Turkish air force jets frequently violate Greek air space over the Aegean, a bully-boy tactic Greece wants to stop. Greek air force officials say that Turkish air space violations have more than doubled on last year.

EVERT

New Democracy leader Miltiades Evert started a three-day tour of the Aegean islands Friday morning, taking his party's platform to the people there.

On the island of Andros, he talked about national security and the national economy.

For the people of the other Aegean islands New Democracy leader Miltiades Evert is visiting,the issue of Turkish claims on the Aegean have a direct impact. In recent months, Turkey has said there are "grey areas" of dubious sovereigny in the Aegean, hoping to get Greece to re-negotiate its Aegean rights.

Visiting Andros and Tinos Friday, Evert said that the Aegean sea will remain blue, with no grey zones.

Visiting the towns of Batsi and Chora, the opposition leader also talked about the issue of econmic development of the Aegean islands. The main props of the Aegean islands' economy are tourism and shipping.

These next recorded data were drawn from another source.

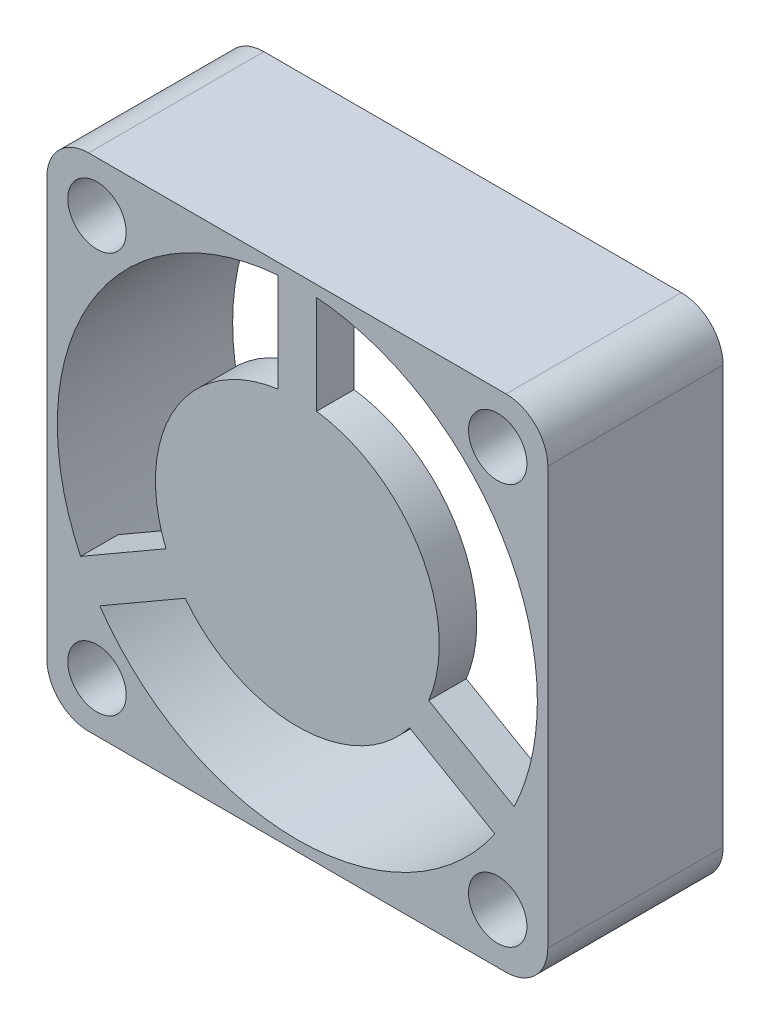
ISO-10303-21;
HEADER;
FILE_DESCRIPTION(('STEP AP214'),'2;1');
FILE_NAME('part.step','',(''),(''),'','','');
FILE_SCHEMA(('AUTOMOTIVE_DESIGN { 1 0 10303 214 1 1 1 1 }'));
ENDSEC;
DATA;
#1=APPLICATION_CONTEXT('core data for automotive mechanical design processes');
#2=APPLICATION_PROTOCOL_DEFINITION('international standard','automotive_design',2000,#1);
#3=PRODUCT_CONTEXT('',#1,'mechanical');
#4=PRODUCT('Part','Part','',(#3));
#5=PRODUCT_RELATED_PRODUCT_CATEGORY('part','',(#4));
#6=PRODUCT_DEFINITION_FORMATION('','',#4);
#7=PRODUCT_DEFINITION_CONTEXT('part definition',#1,'design');
#8=PRODUCT_DEFINITION('design','',#6,#7);
#9=PRODUCT_DEFINITION_SHAPE('','',#8);
#10=(LENGTH_UNIT() NAMED_UNIT(*) SI_UNIT(.MILLI.,.METRE.));
#11=(NAMED_UNIT(*) PLANE_ANGLE_UNIT() SI_UNIT($,.RADIAN.));
#12=(NAMED_UNIT(*) SI_UNIT($,.STERADIAN.) SOLID_ANGLE_UNIT());
#13=UNCERTAINTY_MEASURE_WITH_UNIT(LENGTH_MEASURE(1.E-05),#10,'distance_accuracy_value','');
#14=(GEOMETRIC_REPRESENTATION_CONTEXT(3) GLOBAL_UNCERTAINTY_ASSIGNED_CONTEXT((#13)) GLOBAL_UNIT_ASSIGNED_CONTEXT((#10,
#11,#12)) REPRESENTATION_CONTEXT('',''));
#15=CARTESIAN_POINT('',(0.,0.,0.));
#16=DIRECTION('',(0.,0.,1.));
#17=DIRECTION('',(1.,0.,0.));
#18=AXIS2_PLACEMENT_3D('',#15,#16,#17);
#19=CARTESIAN_POINT('',(0.,-15.5,3.31722847279162));
#20=DIRECTION('',(0.,-1.,0.));
#21=DIRECTION('',(0.,0.,-1.));
#22=AXIS2_PLACEMENT_3D('',#19,#20,#21);
#23=PLANE('',#22);
#24=DIRECTION('',(-1.,0.,0.));
#25=VECTOR('',#24,1.);
#26=CARTESIAN_POINT('',(-1.08409284439404,-15.5,5.9065637178719));
#27=LINE('',#26,#25);
#28=CARTESIAN_POINT('',(-0.473337044240907,-15.5,5.9065637178719));
#29=VERTEX_POINT('',#28);
#30=CARTESIAN_POINT('',(-1.69484864454716,-15.5,5.9065637178719));
#31=VERTEX_POINT('',#30);
#32=EDGE_CURVE('E225',#29,#31,#27,.T.);
#33=ORIENTED_EDGE('',*,*,#32,.F.);
#34=DIRECTION('',(0.,0.,1.));
#35=VECTOR('',#34,1.);
#36=CARTESIAN_POINT('',(-0.473337044240907,-15.5,3.89106664806604));
#37=LINE('',#36,#35);
#38=CARTESIAN_POINT('',(-0.473337044240907,-15.5,1.87556957826019));
#39=VERTEX_POINT('',#38);
#40=EDGE_CURVE('E204',#39,#29,#37,.T.);
#41=ORIENTED_EDGE('',*,*,#40,.F.);
#42=DIRECTION('',(-1.,0.,0.));
#43=VECTOR('',#42,1.);
#44=CARTESIAN_POINT('',(0.,-15.5,1.87556957826019));
#45=LINE('',#44,#43);
#46=CARTESIAN_POINT('',(0.473337044240907,-15.5,1.87556957826019));
#47=VERTEX_POINT('',#46);
#48=EDGE_CURVE('E210',#47,#39,#45,.T.);
#49=ORIENTED_EDGE('',*,*,#48,.F.);
#50=DIRECTION('',(0.,0.,1.));
#51=VECTOR('',#50,1.);
#52=CARTESIAN_POINT('',(0.473337044240907,-15.5,3.89106664806604));
#53=LINE('',#52,#51);
#54=CARTESIAN_POINT('',(0.473337044240907,-15.5,5.9065637178719));
#55=VERTEX_POINT('',#54);
#56=EDGE_CURVE('E381',#47,#55,#53,.T.);
#57=ORIENTED_EDGE('',*,*,#56,.T.);
#58=DIRECTION('',(1.,0.,0.));
#59=VECTOR('',#58,1.);
#60=CARTESIAN_POINT('',(1.08409284439404,-15.5,5.9065637178719));
#61=LINE('',#60,#59);
#62=CARTESIAN_POINT('',(1.69484864454716,-15.5,5.9065637178719));
#63=VERTEX_POINT('',#62);
#64=EDGE_CURVE('E387',#55,#63,#61,.T.);
#65=ORIENTED_EDGE('',*,*,#64,.T.);
#66=DIRECTION('',(-0.516547133213067,0.,0.856258757134408));
#67=VECTOR('',#66,1.);
#68=CARTESIAN_POINT('',(0.847424322273582,-15.5,7.31130386702716));
#69=LINE('',#68,#67);
#70=CARTESIAN_POINT('',(0.,-15.5,8.71604401618242));
#71=VERTEX_POINT('',#70);
#72=EDGE_CURVE('E393',#63,#71,#69,.T.);
#73=ORIENTED_EDGE('',*,*,#72,.T.);
#74=DIRECTION('',(0.516547133213067,0.,0.856258757134408));
#75=VECTOR('',#74,1.);
#76=CARTESIAN_POINT('',(-0.847424322273582,-15.5,7.31130386702716));
#77=LINE('',#76,#75);
#78=EDGE_CURVE('E396',#31,#71,#77,.T.);
#79=ORIENTED_EDGE('',*,*,#78,.F.);
#80=EDGE_LOOP('',(#33,#41,#49,#57,#65,#73,#79));
#81=FACE_BOUND('',#80,.T.);
#82=ADVANCED_FACE('F16',(#81),#23,.T.);
#83=CARTESIAN_POINT('',(0.,-15.5,1.87556957826019));
#84=DIRECTION('',(0.,0.,-1.));
#85=DIRECTION('',(-1.,0.,0.));
#86=AXIS2_PLACEMENT_3D('',#83,#84,#85);
#87=PLANE('',#86);
#88=ORIENTED_EDGE('',*,*,#48,.T.);
#89=DIRECTION('',(0.,1.,0.));
#90=VECTOR('',#89,1.);
#91=CARTESIAN_POINT('',(-0.473337044240907,-15.5,1.87556957826019));
#92=LINE('',#91,#90);
#93=CARTESIAN_POINT('',(-0.473337044240907,-15.,1.87556957826019));
#94=VERTEX_POINT('',#93);
#95=EDGE_CURVE('E213',#94,#39,#92,.F.);
#96=ORIENTED_EDGE('',*,*,#95,.F.);
#97=DIRECTION('',(1.,0.,0.));
#98=VECTOR('',#97,1.);
#99=CARTESIAN_POINT('',(0.,-15.,1.87556957826019));
#100=LINE('',#99,#98);
#101=CARTESIAN_POINT('',(0.473337044240907,-15.,1.87556957826019));
#102=VERTEX_POINT('',#101);
#103=EDGE_CURVE('E351',#102,#94,#100,.F.);
#104=ORIENTED_EDGE('',*,*,#103,.F.);
#105=DIRECTION('',(0.,1.,0.));
#106=VECTOR('',#105,1.);
#107=CARTESIAN_POINT('',(0.473337044240907,-15.5,1.87556957826019));
#108=LINE('',#107,#106);
#109=EDGE_CURVE('E215',#102,#47,#108,.F.);
#110=ORIENTED_EDGE('',*,*,#109,.T.);
#111=EDGE_LOOP('',(#88,#96,#104,#110));
#112=FACE_BOUND('',#111,.T.);
#113=ADVANCED_FACE('F211',(#112),#87,.T.);
#114=CARTESIAN_POINT('',(-0.473337044240907,-15.5,3.89106664806604));
#115=DIRECTION('',(-1.,0.,0.));
#116=DIRECTION('',(0.,0.,1.));
#117=AXIS2_PLACEMENT_3D('',#114,#115,#116);
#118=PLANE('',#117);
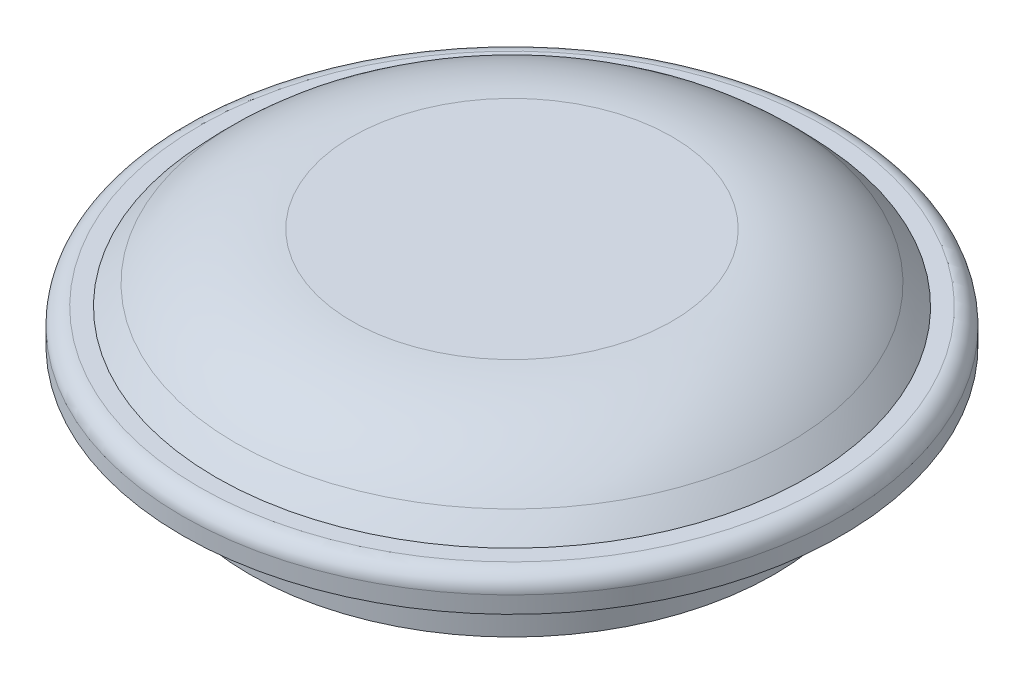
ISO-10303-21;
HEADER;
FILE_DESCRIPTION(('STEP AP214'),'2;1');
FILE_NAME('part.step','',(''),(''),'','','');
FILE_SCHEMA(('AUTOMOTIVE_DESIGN { 1 0 10303 214 1 1 1 1 }'));
ENDSEC;
DATA;
#1=APPLICATION_CONTEXT('core data for automotive mechanical design processes');
#2=APPLICATION_PROTOCOL_DEFINITION('international standard','automotive_design',2000,#1);
#3=PRODUCT_CONTEXT('',#1,'mechanical');
#4=PRODUCT('Part','Part','',(#3));
#5=PRODUCT_RELATED_PRODUCT_CATEGORY('part','',(#4));
#6=PRODUCT_DEFINITION_FORMATION('','',#4);
#7=PRODUCT_DEFINITION_CONTEXT('part definition',#1,'design');
#8=PRODUCT_DEFINITION('design','',#6,#7);
#9=PRODUCT_DEFINITION_SHAPE('','',#8);
#10=(LENGTH_UNIT() NAMED_UNIT(*) SI_UNIT(.MILLI.,.METRE.));
#11=(NAMED_UNIT(*) PLANE_ANGLE_UNIT() SI_UNIT($,.RADIAN.));
#12=(NAMED_UNIT(*) SI_UNIT($,.STERADIAN.) SOLID_ANGLE_UNIT());
#13=UNCERTAINTY_MEASURE_WITH_UNIT(LENGTH_MEASURE(1.E-05),#10,'distance_accuracy_value','');
#14=(GEOMETRIC_REPRESENTATION_CONTEXT(3) GLOBAL_UNCERTAINTY_ASSIGNED_CONTEXT((#13)) GLOBAL_UNIT_ASSIGNED_CONTEXT((#10,
#11,#12)) REPRESENTATION_CONTEXT('',''));
#15=CARTESIAN_POINT('',(0.,0.,0.));
#16=DIRECTION('',(0.,0.,1.));
#17=DIRECTION('',(1.,0.,0.));
#18=AXIS2_PLACEMENT_3D('',#15,#16,#17);
#19=CARTESIAN_POINT('',(0.,2.54,0.));
#20=DIRECTION('',(0.,-1.,0.));
#21=DIRECTION('',(0.,0.,-1.));
#22=AXIS2_PLACEMENT_3D('',#19,#20,#21);
#23=CYLINDRICAL_SURFACE('',#22,9.92666664866667);
#24=CARTESIAN_POINT('',(0.,2.54,0.));
#25=DIRECTION('',(0.,1.,0.));
#26=DIRECTION('',(0.,0.,1.));
#27=AXIS2_PLACEMENT_3D('',#24,#25,#26);
#28=CIRCLE('',#27,9.92666664866667);
#29=CARTESIAN_POINT('',(0.,2.54,9.92666664866667));
#30=VERTEX_POINT('',#29);
#31=EDGE_CURVE('E56',#30,#30,#28,.T.);
#32=ORIENTED_EDGE('',*,*,#31,.F.);
#33=EDGE_LOOP('',(#32));
#34=FACE_BOUND('',#33,.T.);
#35=CARTESIAN_POINT('',(0.,0.,0.));
#36=DIRECTION('',(0.,1.,0.));
#37=DIRECTION('',(0.,0.,1.));
#38=AXIS2_PLACEMENT_3D('',#35,#36,#37);
#39=CIRCLE('',#38,9.92666664866667);
#40=CARTESIAN_POINT('',(0.,0.,9.92666664866667));
#41=VERTEX_POINT('',#40);
#42=EDGE_CURVE('E57',#41,#41,#39,.T.);
#43=ORIENTED_EDGE('',*,*,#42,.T.);
#44=EDGE_LOOP('',(#43));
#45=FACE_BOUND('',#44,.T.);
#46=ADVANCED_FACE('F33',(#34,#45),#23,.T.);
#47=CARTESIAN_POINT('',(0.,0.,0.));
#48=DIRECTION('',(0.,1.,0.));
#49=DIRECTION('',(0.,0.,1.));
#50=AXIS2_PLACEMENT_3D('',#47,#48,#49);
#51=PLANE('',#50);
#52=ORIENTED_EDGE('',*,*,#42,.F.);
#53=EDGE_LOOP('',(#52));
#54=FACE_BOUND('',#53,.T.);
#55=ADVANCED_FACE('F84',(#54),#51,.F.);
#56=CARTESIAN_POINT('',(0.,3.81,0.));
#57=DIRECTION('',(0.,-1.,0.));
#58=DIRECTION('',(0.,0.,-1.));
#59=AXIS2_PLACEMENT_3D('',#56,#57,#58);
#60=CYLINDRICAL_SURFACE('',#59,12.4666666486667);
#61=CARTESIAN_POINT('',(0.,3.175,0.));
#62=DIRECTION('',(0.,1.,0.));
#63=DIRECTION('',(0.,0.,1.));
#64=AXIS2_PLACEMENT_3D('',#61,#62,#63);
#65=CIRCLE('',#64,12.4666666486667);
#66=CARTESIAN_POINT('',(0.,3.175,12.4666666486667));
#67=VERTEX_POINT('',#66);
#68=EDGE_CURVE('E44',#67,#67,#65,.F.);
#69=ORIENTED_EDGE('',*,*,#68,.T.);
#70=EDGE_LOOP('',(#69));
#71=FACE_BOUND('',#70,.T.);
#72=CARTESIAN_POINT('',(0.,2.54,0.));
#73=DIRECTION('',(0.,1.,0.));
#74=DIRECTION('',(0.,0.,1.));
#75=AXIS2_PLACEMENT_3D('',#72,#73,#74);
#76=CIRCLE('',#75,12.4666666486667);
#77=CARTESIAN_POINT('',(0.,2.54,12.4666666486667));
#78=VERTEX_POINT('',#77);
#79=EDGE_CURVE('E60',#78,#78,#76,.T.);
#80=ORIENTED_EDGE('',*,*,#79,.T.);
#81=EDGE_LOOP('',(#80));
#82=FACE_BOUND('',#81,.T.);
#83=ADVANCED_FACE('F66',(#71,#82),#60,.T.);
#84=CARTESIAN_POINT('',(0.,3.81,0.));
#85=DIRECTION('',(0.,1.,0.));
#86=DIRECTION('',(0.,0.,1.));
#87=AXIS2_PLACEMENT_3D('',#84,#85,#86);
#88=PLANE('',#87);
#89=CARTESIAN_POINT('',(0.,3.81,0.));
#90=DIRECTION('',(0.,1.,0.));
#91=DIRECTION('',(0.,0.,1.));
#92=AXIS2_PLACEMENT_3D('',#89,#90,#91);
#93=CIRCLE('',#92,11.8316666486667);
#94=CARTESIAN_POINT('',(0.,3.81,11.8316666486667));
#95=VERTEX_POINT('',#94);
#96=EDGE_CURVE('E48',#95,#95,#93,.T.);
#97=ORIENTED_EDGE('',*,*,#96,.T.);
#98=EDGE_LOOP('',(#97));
#99=FACE_BOUND('',#98,.T.);
#100=CARTESIAN_POINT('',(0.,3.81,0.));
#101=DIRECTION('',(0.,1.,0.));
#102=DIRECTION('',(0.,0.,1.));
#103=AXIS2_PLACEMENT_3D('',#100,#101,#102);
#104=CIRCLE('',#103,11.1966666486667);
#105=CARTESIAN_POINT('',(0.,3.81,11.1966666486667));
#106=VERTEX_POINT('',#105);
#107=EDGE_CURVE('E53',#106,#106,#104,.T.);
#108=ORIENTED_EDGE('',*,*,#107,.F.);
#109=EDGE_LOOP('',(#108));
#110=FACE_BOUND('',#109,.T.);
#111=ADVANCED_FACE('F71',(#99,#110),#88,.T.);
#112=CARTESIAN_POINT('',(0.,2.54,0.));
#113=DIRECTION('',(0.,1.,0.));
#114=DIRECTION('',(0.,0.,1.));
#115=AXIS2_PLACEMENT_3D('',#112,#113,#114);
#116=PLANE('',#115);
#117=ORIENTED_EDGE('',*,*,#31,.T.);
#118=EDGE_LOOP('',(#117));
#119=FACE_BOUND('',#118,.T.);
#120=ORIENTED_EDGE('',*,*,#79,.F.);
#121=EDGE_LOOP('',(#120));
#122=FACE_BOUND('',#121,.T.);
#123=ADVANCED_FACE('F68',(#119,#122),#116,.F.);
#124=CARTESIAN_POINT('',(0.,-6.38211152428228,0.));
#125=DIRECTION('',(0.,1.,0.));
#126=DIRECTION('',(0.,0.,1.));
#127=AXIS2_PLACEMENT_3D('',#124,#125,#126);
#128=DEGENERATE_TOROIDAL_SURFACE('',#127,0.0990392730163643,15.2142074914388,.F.);
#129=CARTESIAN_POINT('',(0.,4.57191556248356,0.));
#130=DIRECTION('',(0.,-1.,0.));
#131=DIRECTION('',(0.,0.,-1.));
#132=AXIS2_PLACEMENT_3D('',#129,#130,#131);
#133=CIRCLE('',#132,10.4594360039805);
#134=CARTESIAN_POINT('',(0.,4.57191556248356,-10.4594360039805));
#135=VERTEX_POINT('',#134);
#136=EDGE_CURVE('E10',#135,#135,#133,.T.);
#137=ORIENTED_EDGE('',*,*,#136,.T.);
#138=EDGE_LOOP('',(#137));
#139=FACE_BOUND('',#138,.T.);
#140=ORIENTED_EDGE('',*,*,#107,.T.);
#141=EDGE_LOOP('',(#140));
#142=FACE_BOUND('',#141,.T.);
#143=ADVANCED_FACE('F70',(#139,#142),#128,.F.);
#144=CARTESIAN_POINT('',(0.,3.175,0.));
#145=DIRECTION('',(0.,1.,0.));
#146=DIRECTION('',(0.,0.,1.));
#147=AXIS2_PLACEMENT_3D('',#144,#145,#146);
#148=TOROIDAL_SURFACE('',#147,11.8316666486667,0.635);
#149=ORIENTED_EDGE('',*,*,#68,.F.);
#150=EDGE_LOOP('',(#149));
#151=FACE_BOUND('',#150,.T.);
#152=ORIENTED_EDGE('',*,*,#96,.F.);
#153=EDGE_LOOP('',(#152));
#154=FACE_BOUND('',#153,.T.);
#155=ADVANCED_FACE('F78',(#151,#154),#148,.T.);
#156=CARTESIAN_POINT('',(-14.9345993456866,6.35,-12.4666666486667));
#157=DIRECTION('',(0.,-1.,0.));
#158=DIRECTION('',(0.,0.,-1.));
#159=AXIS2_PLACEMENT_3D('',#156,#157,#158);
#160=PLANE('',#159);
#161=CARTESIAN_POINT('',(0.,6.35,0.));
#162=DIRECTION('',(0.,-1.,0.));
#163=DIRECTION('',(0.,0.,-1.));
#164=AXIS2_PLACEMENT_3D('',#161,#162,#163);
#165=CIRCLE('',#164,6.05261310198852);
#166=CARTESIAN_POINT('',(0.,6.35,-6.05261310198852));
#167=VERTEX_POINT('',#166);
#168=EDGE_CURVE('E40',#167,#167,#165,.F.);
#169=ORIENTED_EDGE('',*,*,#168,.T.);
#170=EDGE_LOOP('',(#169));
#171=FACE_BOUND('',#170,.T.);
#172=ADVANCED_FACE('F95',(#171),#160,.F.);
#173=CARTESIAN_POINT('',(0.,0.,0.));
#174=DIRECTION('',(0.,-1.,0.));
#175=DIRECTION('',(0.,0.,-1.));
#176=AXIS2_PLACEMENT_3D('',#173,#174,#175);
#177=DEGENERATE_TOROIDAL_SURFACE('',#176,6.05261310198852,6.35,.T.);
#178=ORIENTED_EDGE('',*,*,#136,.F.);
#179=EDGE_LOOP('',(#178));
#180=FACE_BOUND('',#179,.T.);
#181=ORIENTED_EDGE('',*,*,#168,.F.);
#182=EDGE_LOOP('',(#181));
#183=FACE_BOUND('',#182,.T.);
#184=ADVANCED_FACE('F35',(#180,#183),#177,.T.);
#185=CLOSED_SHELL('',(#46,#55,#83,#111,#123,#143,#155,#172,#184));
#186=MANIFOLD_SOLID_BREP('B2',#185);
#187=ADVANCED_BREP_SHAPE_REPRESENTATION('',(#18,#186),#14);
#188=SHAPE_DEFINITION_REPRESENTATION(#9,#187);
ENDSEC;
END-ISO-10303-21;

Andros is an island renowned for its contributions to Greece's mercantile navy. Evert said the fact that Greece's merchant marine is one of the top ten in the world is a source of great political power for the country.

He proposes that the merchant marine schools be transferred to the Aegean islands.

Evert was well received on Andros. The mayor of Batsi called him "the future prime minister", adding that the next New Democracy government will be a helicopter administration, since its ministers will travel all over Greece to examine people's problems first-hand.

VASSO

Pasok is making an opening to the country's left-wing parties. In an interview with the daily paper "Ta Nea", development minister Vasso Papandreou suggests that the parties of the left enter into a dialogue with Pasok.

But the left isn't taking the bait.

The left has been cautious of Pasok offers of friendship in the past, saying the ruling party tends to dominate their relationship, and uses offers of cooperation to draw left-wing voters away.

But Papandreou says the tactics of the past should become a thing of the past, and that Pasok's relations with the left should start off with a clean slate.

Vasso Papandreou says a dialogue between Pasok and the parties to its left would ensure mobilisation of the widest possible political and social front of the centre-left and the broad left.

In her interview, Papandreou says, "I recognise the mistakes of recent years". Referring to the leadership of the late Andreas Papandreou, she adds, "The past was marked by hegemonic style, but we can't let that past dominate the future".

New prime minister Kostas Simitis says he'll substitute a collective leadership style for Pasok's old Andreas-Papandreou dominated style. Mr Simitis is popular with the Left Coalition, but, like the communist party, it is rejecting Vasso Papandreou's offer of meaningful dialogue.

The left coalition says what is needed is not a broad front that would be Pasok-dominated at the polling booths, but a new voting system, which would give the smaller parties representation according to the number of votes they receive in elections, and not give the lions share of parliamentary seats to the larger parties.

EMAK

The members of EMAK, Greece's crisis-response unit that lends people a helping hand when they've been hit by a natural disaster, doesn't sit around when they're not in action.

They recently carried out a mock rescue operation in Thessaloniki, under the watchful eyes of officials from the public order ministry.

Following the mock disaster, the men of EMAK were given the task of saving a person trapped in a room on the first floor of an apartment building.

The mission was accomplished without any hitches. The members of the special unit have a rigorous daily training programme, carried out in training centres and out in the field.